Being a woman of color who has cracked her mask in this world makes one become even more deeply connected to the pain that exists in these war zones. We become exposed to the efforts of a white world trying to erase our existence, but we also become exposed to a dystopic patriarchal society – even among our brothers of color – that also seek to null our true power and beauty, either because they do not understand it or are intimidated by it (therefore the need to control or undermine it). The product of males of color feeling powerless in a white society is the sexually violated woman of color. When boys and men of color are given no spaces with which to experience or understand authentic power, they take up the white man’s illusion of power – to conquer and control- and turn it on their own women (and in other ways, on each other). This results in communities of masks laden with false power and bodies with limited abilities to feel love and security, communities of unknown or lost identities.

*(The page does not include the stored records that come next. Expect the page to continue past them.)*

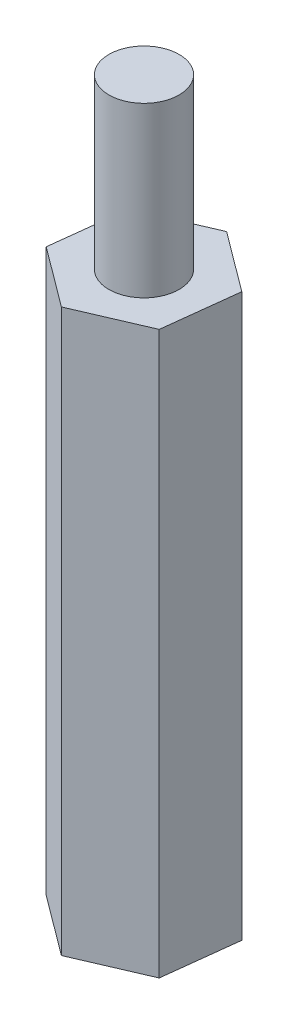
from build123d import *

# Parameters (mm, degrees)
EXTRUDE_1_DEPTH     = 20
SKETCH_2_R          = 1.25
EXTRUDE_2_DEPTH     = 6
SKETCH_3_R          = 1.25
CUT_EXTRUDE_1_DEPTH = 6


with BuildPart() as part:
    # 草图1 → 凸台-拉伸1 (new body)
    with BuildSketch(Plane(origin=(0, 0, 0), x_dir=(1, 0, 0), z_dir=(0, 1, 0))):
        Polygon((2.125123473, -1.583145674), (2.433606108, 1.048838076), (0.308482635, 2.631983751), (-2.125123473, 1.583145674), (-2.433606108, -1.048838076), (-0.308482635, -2.631983751), align=None)
    extrude(amount=EXTRUDE_1_DEPTH)

    # 草图2 → 凸台-拉伸2 (add)
    with BuildSketch(Plane(origin=(0, 20, 0), x_dir=(1, 0, 0), z_dir=(0, 1, 0))):
        Circle(SKETCH_2_R)
    extrude(amount=EXTRUDE_2_DEPTH)

    # 草图3 → 切除-拉伸1 (cut)
    with BuildSketch(Plane.XZ):
        Circle(SKETCH_3_R)
    extrude(amount=-CUT_EXTRUDE_1_DEPTH, mode=Mode.SUBTRACT)


solid = part.part
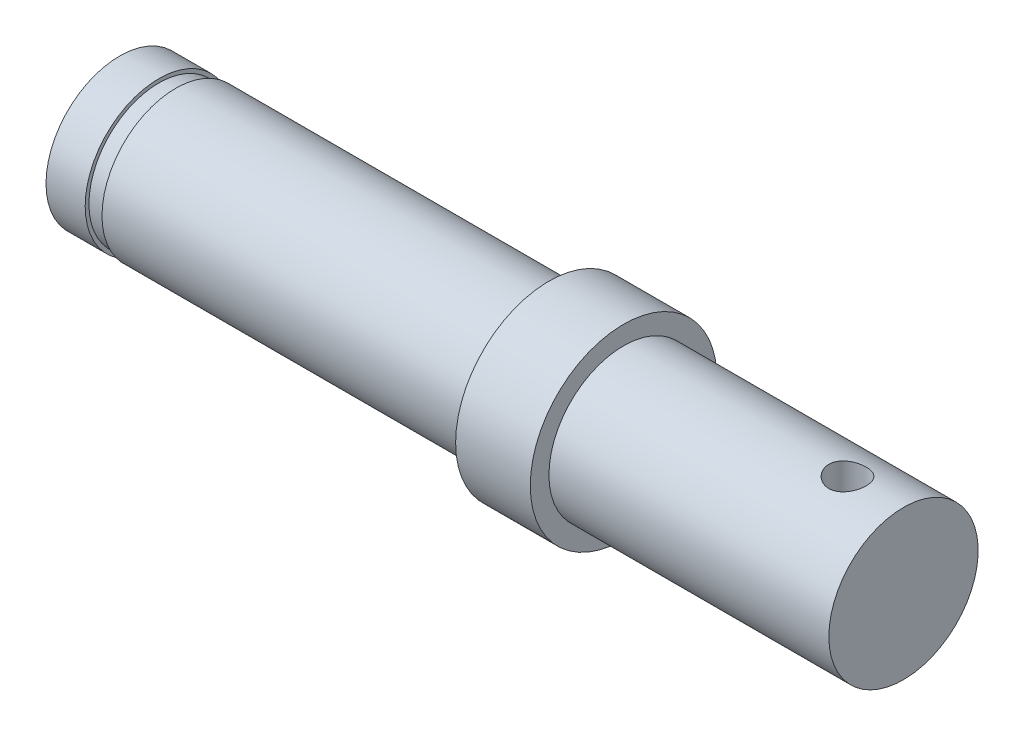
from build123d import *

# Parameters (mm, degrees)
SKETCH_2_R          = 1
CUT_EXTRUDE_1_DEPTH = 5


with BuildPart() as part:
    # 草图1 → 旋转1 (revolve)
    with BuildSketch(Plane.XY):
        Polygon((-15.499429975, 0), (26.500570025, 0), (26.500570025, 4), (11.500570025, 4), (11.500570025, 5), (7.500570025, 5), (7.500570025, 3.95), (-12.499429975, 3.95), (-12.499429975, 3.75), (-13.399429975, 3.75), (-13.399429975, 3.95), (-15.499429975, 3.95), align=None)
    revolve(axis=Axis((-15.499429975, 0, 0), (1, 0, 0)))

    # 草图2 → 切除-拉伸1 (cut, symmetric)
    with BuildSketch(Plane(origin=(0, 0, 0), x_dir=(1, 0, 0), z_dir=(0, 1, 0))):
        with Locations((23.500570025, 0)):
            Circle(SKETCH_2_R)
    extrude(amount=CUT_EXTRUDE_1_DEPTH, both=True, mode=Mode.SUBTRACT)


solid = part.part

The perseverance of love between my lover and I, consists of a lifetime series of attempts to know ourselves, discover true power, and share our unfolding selves with each other. One element of our love is essential if it is to survive in a world where freedom is an alien concept, and that is – our love must have the ability to overcome oppression – oppression embedded within ourselves, oppression perpetuated in society. We are left with no tools but our own developing imaginations and the courage to take on this challenge, and courage is essential if we are to walk and love and speak without masks. It takes an enormous amount of trust amongst ourselves to take on this task. We are still in the process of fully understanding and realizing love, although our imperfect attempts are miracles because against the weighty odds, we persistently choose to exist, to find our highest selves within ourselves and between each other, to love, in the context of deliberate numbness and inadvertent hate.